Breaches Spook The Spooks

So, if breaches are of little interest to the consumer, they must have greater impact on the community that has some skin in the game, right? Kinda. If we look at the RSA & Lockheed breaches:

We see that the Lockheed breach kept attention from mid-April to about mid-July (12 weeks) and RSA spiked twice for about four weeks each time. Both of them were intertwined in the news and RSA had numerous (to be blunt) PR-events that helped keep focus on both.

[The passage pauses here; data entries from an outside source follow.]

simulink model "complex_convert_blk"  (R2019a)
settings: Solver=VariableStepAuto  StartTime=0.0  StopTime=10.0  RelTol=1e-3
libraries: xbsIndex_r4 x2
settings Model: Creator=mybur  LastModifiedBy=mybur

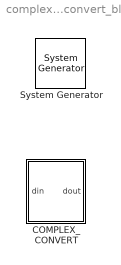
== system complex_convert_blk ==
  " System Generator" : xbsIndex_r4/ System Generator  Tag=genX  xilinxfamily=kintex7  part=xc7k325t  speed=-3  package=fbg676  synthesis_tool=Vivado  clock_wrapper=Clock Enables  directory=./netlist  proj_type=Vivado  Synth_file=Vivado Synthesis Defaults  Impl_file=Vivado Implementation Defaults  testbench=off  simulink_period=1  sysclk_period=10  dcm_input_clock_period=10  incr_netlist=off  trim_vbits=Everywhere in SubSystem  dbl_ovrd=According to Block Masks  core_generation=According to Block Masks  run_coregen=off  deprecated_control=off  eval_field=0  block_type=sysgen
  COMPLEX_CONVERT : Subsystem  mask(complex_convert){n_bits_in=10, bin_pt_in=5, n_bits_out=8, bin_pt_out=4, quantization=Round  (unbiased: +/- Inf), overflow=Wrap, csp_latency=2}
      mask prompts: n_bits_in "Bit Width In"; bin_pt_in "Binary Point In"; n_bits_out "Bit Width Out"; bin_pt_out "Binary Point Out"; csp_latency "Latency"
      mask help: Convert real and imaginary components of a complex input to the specified bit width and precision.
      mask init:
      | Simulink.Block.eval([gcb, '/complex_convert']);
      mask TypeOptions quantization: Truncate | Round  (unbiased: +/- Inf) | Round  (unbiased: Even Values)
      mask TypeOptions overflow: Wrap | Saturate

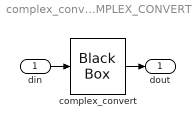
== system complex_convert_blk/COMPLEX_CONVERT ==
  din : Inport
  complex_convert : xbsIndex_r4/Black Box  init_code=complex_convert_config  sim_method=ISE Simulator  verbose=off  block_type=blackbox2
  dout : Outport
  wires:
  din/1 -> complex_convert/1
  complex_convert/1 -> dout/1
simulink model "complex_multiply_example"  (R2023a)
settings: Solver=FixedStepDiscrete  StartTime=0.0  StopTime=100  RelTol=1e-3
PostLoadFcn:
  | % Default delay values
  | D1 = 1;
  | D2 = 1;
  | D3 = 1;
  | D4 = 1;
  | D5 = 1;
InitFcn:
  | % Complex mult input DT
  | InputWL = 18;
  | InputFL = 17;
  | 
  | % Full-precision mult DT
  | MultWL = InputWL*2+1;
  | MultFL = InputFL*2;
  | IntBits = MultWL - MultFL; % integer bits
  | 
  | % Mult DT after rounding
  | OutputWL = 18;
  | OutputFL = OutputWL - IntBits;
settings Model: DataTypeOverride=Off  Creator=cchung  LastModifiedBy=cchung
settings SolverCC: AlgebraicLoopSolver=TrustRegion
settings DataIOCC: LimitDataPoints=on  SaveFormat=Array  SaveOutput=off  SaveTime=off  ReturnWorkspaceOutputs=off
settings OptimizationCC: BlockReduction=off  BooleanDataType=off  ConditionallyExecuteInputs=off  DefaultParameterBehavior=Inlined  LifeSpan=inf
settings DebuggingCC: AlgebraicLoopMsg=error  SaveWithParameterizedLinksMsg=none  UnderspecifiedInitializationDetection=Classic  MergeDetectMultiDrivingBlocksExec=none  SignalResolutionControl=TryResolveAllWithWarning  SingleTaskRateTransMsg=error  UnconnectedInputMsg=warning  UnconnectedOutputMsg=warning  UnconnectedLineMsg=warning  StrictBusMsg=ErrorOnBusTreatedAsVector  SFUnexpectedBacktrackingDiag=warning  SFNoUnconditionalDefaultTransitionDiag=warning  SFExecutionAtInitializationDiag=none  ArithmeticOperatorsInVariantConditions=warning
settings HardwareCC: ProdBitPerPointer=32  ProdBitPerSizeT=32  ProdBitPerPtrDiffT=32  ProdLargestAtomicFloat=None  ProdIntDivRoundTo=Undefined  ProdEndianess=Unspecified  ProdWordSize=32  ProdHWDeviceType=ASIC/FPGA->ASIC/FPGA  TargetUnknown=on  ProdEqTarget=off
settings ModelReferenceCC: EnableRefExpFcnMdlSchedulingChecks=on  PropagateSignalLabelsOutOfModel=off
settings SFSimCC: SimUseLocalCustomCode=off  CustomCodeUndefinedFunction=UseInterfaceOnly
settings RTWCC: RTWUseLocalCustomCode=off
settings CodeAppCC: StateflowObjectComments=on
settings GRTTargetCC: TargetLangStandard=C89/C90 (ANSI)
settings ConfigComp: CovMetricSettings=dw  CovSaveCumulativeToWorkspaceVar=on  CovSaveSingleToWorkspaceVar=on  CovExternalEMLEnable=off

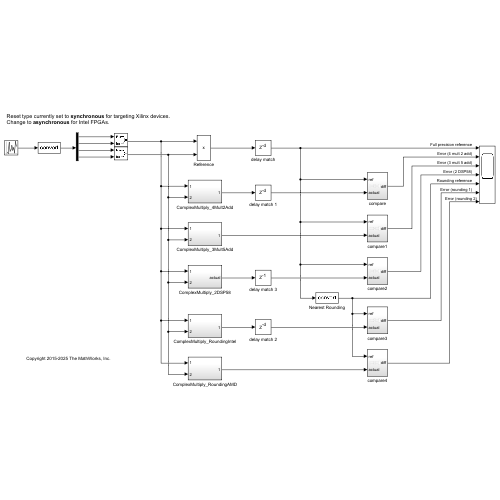
[thumbnail: Simulink's stored preview of the top-level diagram]
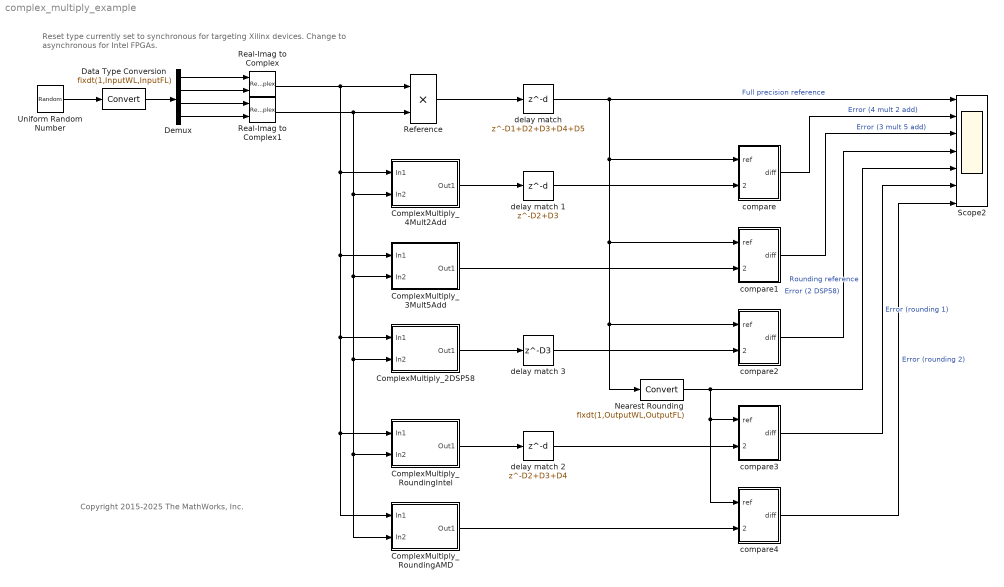
== system complex_multiply_example ==
  note: Copyright 2015-2025 The MathWorks, Inc.
  note: Reset type currently set to synchronous for targeting Xilinx devices.
      | Change to asynchronous for Intel FPGAs.
  ComplexMultiply_2DSP58 : Subsystem
  ComplexMultiply_3Mult5Add : Subsystem
  ComplexMultiply_4Mult2Add : Subsystem
  ComplexMultiply_RoundingAMD : Subsystem
  ComplexMultiply_RoundingIntel : Subsystem
  Data Type Conversion : DataTypeConversion  OutDataTypeStr=fixdt(1,InputWL,InputFL)  RndMeth=Floor
  Demux : Demux
  Nearest Rounding : DataTypeConversion  OutDataTypeStr=fixdt(1,OutputWL,OutputFL)  RndMeth=Nearest  SaturateOnIntegerOverflow=off
  Real-Imag to Complex : RealImagToComplex
  Real-Imag to Complex1 : RealImagToComplex
  Reference : Product  OutDataTypeStr=fixdt(1,MultWL,MultFL)
  Scope2 : Scope  NumInputPorts=7
  Uniform Random Number : UniformRandomNumber  Minimum=-1*ones(1,4)  Maximum=ones(1,4)  Seed=randi([0 100],1,4)  SampleTime=1
  compare : Subsystem
  compare1 : Subsystem
  compare2 : Subsystem
  compare3 : Subsystem
  compare4 : Subsystem
  delay match : Delay  DelayLength=D1+D2+D3+D4+D5
  delay match 1 : Delay  DelayLength=D2+D3
  delay match 2 : Delay  DelayLength=D2+D3+D4
  delay match 3 : Delay  DelayLength=D3
  wires:
  ComplexMultiply_4Mult2Add/1(Out1) -> delay match 1/1
  Real-Imag to Complex/1 -> ComplexMultiply_2DSP58/1(In1), ComplexMultiply_RoundingAMD/1(In1), ComplexMultiply_RoundingIntel/1(In1), ComplexMultiply_3Mult5Add/1(In1), ComplexMultiply_4Mult2Add/1(In1), Reference/1
  Real-Imag to Complex1/1 -> ComplexMultiply_3Mult5Add/2(In2), ComplexMultiply_2DSP58/2(In2), ComplexMultiply_RoundingAMD/2(In2), ComplexMultiply_RoundingIntel/2(In2), ComplexMultiply_4Mult2Add/2(In2), Reference/2
  Reference/1 -> delay match/1
  delay match 1/1 -> compare/2(actual)
  ComplexMultiply_3Mult5Add/1(Out1) -> compare1/2(actual)
  Uniform Random Number/1 -> Data Type Conversion/1
  Data Type Conversion/1 -> Demux/1
  Demux/1 -> Real-Imag to Complex/1
  ComplexMultiply_RoundingIntel/1(Out1) -> delay match 2/1
  delay match/1 -> compare2/1(ref), Nearest Rounding/1, compare1/1(ref), compare/1(ref), Scope2/1  "Full precision reference"
  compare/1(diff) -> Scope2/2  "Error (4 mult 2 add)"
  compare1/1(diff) -> Scope2/3  "Error (3 mult 5 add)"
  delay match 2/1 -> compare3/2(actual)
  Nearest Rounding/1 -> compare4/1(ref), compare3/1(ref), Scope2/5  "Rounding reference"
  Demux/2 -> Real-Imag to Complex/2
  Demux/3 -> Real-Imag to Complex1/1
  Demux/4 -> Real-Imag to Complex1/2
  compare3/1(diff) -> Scope2/6  "Error (rounding 1)"
  ComplexMultiply_RoundingAMD/1(Out1) -> compare4/2(actual)
  compare4/1(diff) -> Scope2/7  "Error (rounding 2)"
  ComplexMultiply_2DSP58/1(Out1) -> delay match 3/1
  delay match 3/1 -> compare2/2(actual)
  compare2/1(diff) -> Scope2/4  "Error (2 DSP58)"

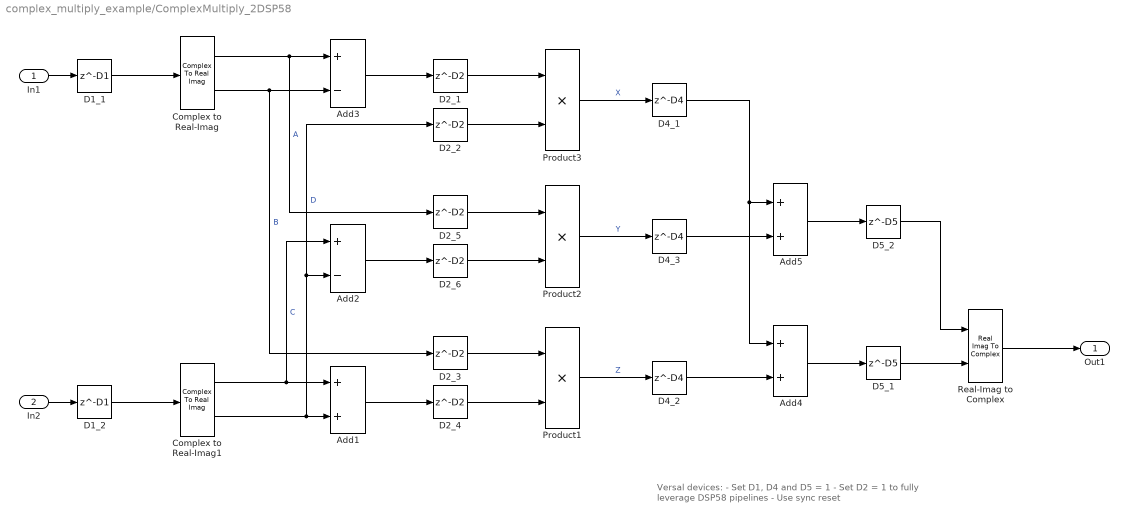
== system complex_multiply_example/ComplexMultiply_2DSP58 ==
  note: Versal devices:
      | - Set D1, D4 and D5 = 1
      | - Set D2 = 1 to fully leverage DSP58 pipelines
      | - Use sync reset
  In1 : Inport
  In2 : Inport  Port=2
  Add1 : Sum
  Add2 : Sum  Inputs=+-
  Add3 : Sum  Inputs=+-
  Add4 : Sum
  Add5 : Sum
  Complex to Real-Imag : ComplexToRealImag
  Complex to Real-Imag1 : ComplexToRealImag
  D1_1 : Delay  DelayLength=D1
  D1_2 : Delay  DelayLength=D1
  D2_{1..6} (6 alike) : Delay  DelayLength=D2
  D4_1 : Delay  DelayLength=D4
  D4_2 : Delay  DelayLength=D4
  D4_3 : Delay  DelayLength=D4
  D5_1 : Delay  DelayLength=D5
  D5_2 : Delay  DelayLength=D5
  Product1 : Product
  Product2 : Product
  Product3 : Product
  Real-Imag to Complex : RealImagToComplex
  Out1 : Outport  VectorParamsAs1DForOutWhenUnconnected=off
  wires:
  Real-Imag to Complex/1 -> Out1/1
  In2/1 -> D1_2/1
  Complex to Real-Imag1/1 -> Add2/1, Add1/1  "C"
  Add4/1 -> D5_1/1
  Add5/1 -> D5_2/1
  In1/1 -> D1_1/1
  D1_1/1 -> Complex to Real-Imag/1
  D1_2/1 -> Complex to Real-Imag1/1
  Complex to Real-Imag/1 -> Add3/1, D2_5/1  "A"
  Complex to Real-Imag/2 -> Add3/2, D2_3/1  "B"
  Add3/1 -> D2_1/1
  Complex to Real-Imag1/2 -> D2_2/1, Add2/2, Add1/2  "D"
  Add1/1 -> D2_4/1
  Add2/1 -> D2_6/1
  Product3/1 -> D4_1/1  "X"
  Product1/1 -> D4_2/1  "Z"
  Product2/1 -> D4_3/1  "Y"
  D5_1/1 -> Real-Imag to Complex/2
  D5_2/1 -> Real-Imag to Complex/1
  D4_1/1 -> Add4/1, Add5/1
  D4_2/1 -> Add4/2
  D4_3/1 -> Add5/2
  D2_1/1 -> Product3/1
  D2_2/1 -> Product3/2
  D2_3/1 -> Product1/1
  D2_4/1 -> Product1/2
  D2_5/1 -> Product2/1
  D2_6/1 -> Product2/2

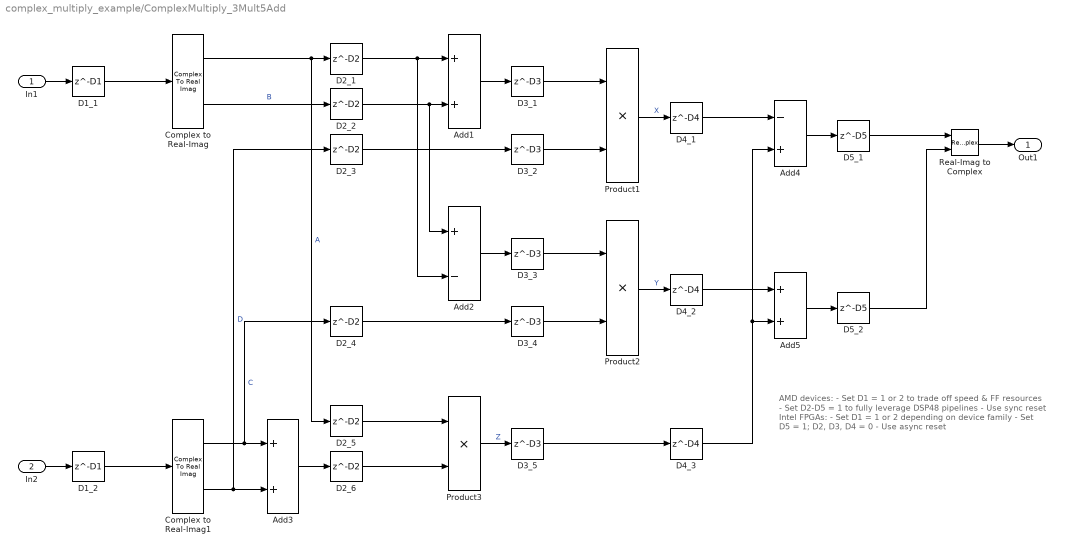
== system complex_multiply_example/ComplexMultiply_3Mult5Add ==
  note: AMD devices:
      | - Set D1 = 1 or 2 to trade off speed & FF resources
      | - Set D2-D5 = 1 to fully leverage DSP48 pipelines
      | - Use sync reset
      |
      | Intel FPGAs:
      | - Set D1 = 1 or 2 depending on device family
      | - Set D5 = 1; D2, D3, D4 = 0
      | - Use async reset
  In1 : Inport
  In2 : Inport  Port=2
  Add1 : Sum
  Add2 : Sum  Inputs=+-
  Add3 : Sum
  Add4 : Sum  Inputs=-+
  Add5 : Sum
  Complex to Real-Imag : ComplexToRealImag
  Complex to Real-Imag1 : ComplexToRealImag
  D1_1 : Delay  DelayLength=D1
  D1_2 : Delay  DelayLength=D1
  D2_{1..6} (6 alike) : Delay  DelayLength=D2
  D3_{1..5} (5 alike) : Delay  DelayLength=D3
  D4_1 : Delay  DelayLength=D4
  D4_2 : Delay  DelayLength=D4
  D4_3 : Delay  DelayLength=D4
  D5_1 : Delay  DelayLength=D5
  D5_2 : Delay  DelayLength=D5
  Product1 : Product
  Product2 : Product
  Product3 : Product
  Real-Imag to Complex : RealImagToComplex
  Out1 : Outport  VectorParamsAs1DForOutWhenUnconnected=off
  wires:
  Real-Imag to Complex/1 -> Out1/1
  In2/1 -> D1_2/1
  Complex to Real-Imag1/1 -> Add3/1, D2_4/1  "C"
  Complex to Real-Imag1/2 -> Add3/2, D2_3/1  "D"
  Product1/1 -> D4_1/1  "X"
  Product2/1 -> D4_2/1  "Y"
  Product3/1 -> D3_5/1  "Z"
  Add4/1 -> D5_1/1
  Add5/1 -> D5_2/1
  D5_1/1 -> Real-Imag to Complex/1
  D5_2/1 -> Real-Imag to Complex/2
  D4_1/1 -> Add4/1
  D4_2/1 -> Add5/1
  D3_5/1 -> D4_3/1
  Add1/1 -> D3_1/1
  Add3/1 -> D2_6/1
  Add2/1 -> D3_3/1
  Complex to Real-Imag/1 -> D2_5/1, D2_1/1  "A"
  Complex to Real-Imag/2 -> D2_2/1  "B"
  D3_1/1 -> Product1/1
  D2_6/1 -> Product3/2
  D3_3/1 -> Product2/1
  D4_3/1 -> Add4/2, Add5/2
  D3_4/1 -> Product2/2
  D3_2/1 -> Product1/2
  D2_4/1 -> D3_4/1
  D2_3/1 -> D3_2/1
  D2_5/1 -> Product3/1
  D2_2/1 -> Add1/2, Add2/1
  D2_1/1 -> Add2/2, Add1/1
  In1/1 -> D1_1/1
  D1_1/1 -> Complex to Real-Imag/1
  D1_2/1 -> Complex to Real-Imag1/1

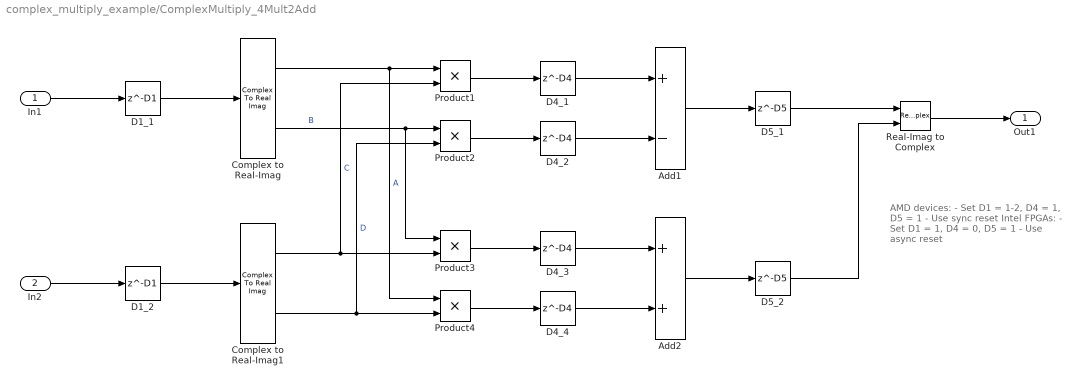
== system complex_multiply_example/ComplexMultiply_4Mult2Add ==
  note: AMD devices:
      | - Set D1 = 1-2, D4 = 1, D5 = 1
      | - Use sync reset
      |
      | Intel FPGAs:
      | - Set D1 = 1, D4 = 0, D5 = 1
      | - Use async reset
  In1 : Inport
  In2 : Inport  Port=2
  Add1 : Sum  Inputs=+-
  Add2 : Sum
  Complex to Real-Imag : ComplexToRealImag
  Complex to Real-Imag1 : ComplexToRealImag
  D1_1 : Delay  DelayLength=D1
  D1_2 : Delay  DelayLength=D1
  D4_{1..4} (4 alike) : Delay  DelayLength=D4
  D5_1 : Delay  DelayLength=D5
  D5_2 : Delay  DelayLength=D5
  Product{1..4} (4 alike) : Product
  Real-Imag to Complex : RealImagToComplex
  Out1 : Outport  VectorParamsAs1DForOutWhenUnconnected=off
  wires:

RSA is part of EMC, so a stock view analysis has many other complexities that make it less than ideal, but both companies (EMC & Lockheed) did not seem to suffer from the extended initial breach interest:

Only One View

I mentioned at the beginning of the post that this was intended to be a single-factor analysis, limited to what insights Google gleans from what folks are searching for. It doesn’t provide a view into enterprise contractual agreements, service usage patterns or even blogger/social media sentiment analysis. Yet, folks search for what they are interested in and when I add a few parameters to the LinkedIn chart:

we see that people are far more interested in Scarlett Johansson, gas prices and even Snookie than they are in LinkedIn insecurity. Perhaps breaches just aren’t sexy enough or personally impacting enough to truly matter…even to security professionals.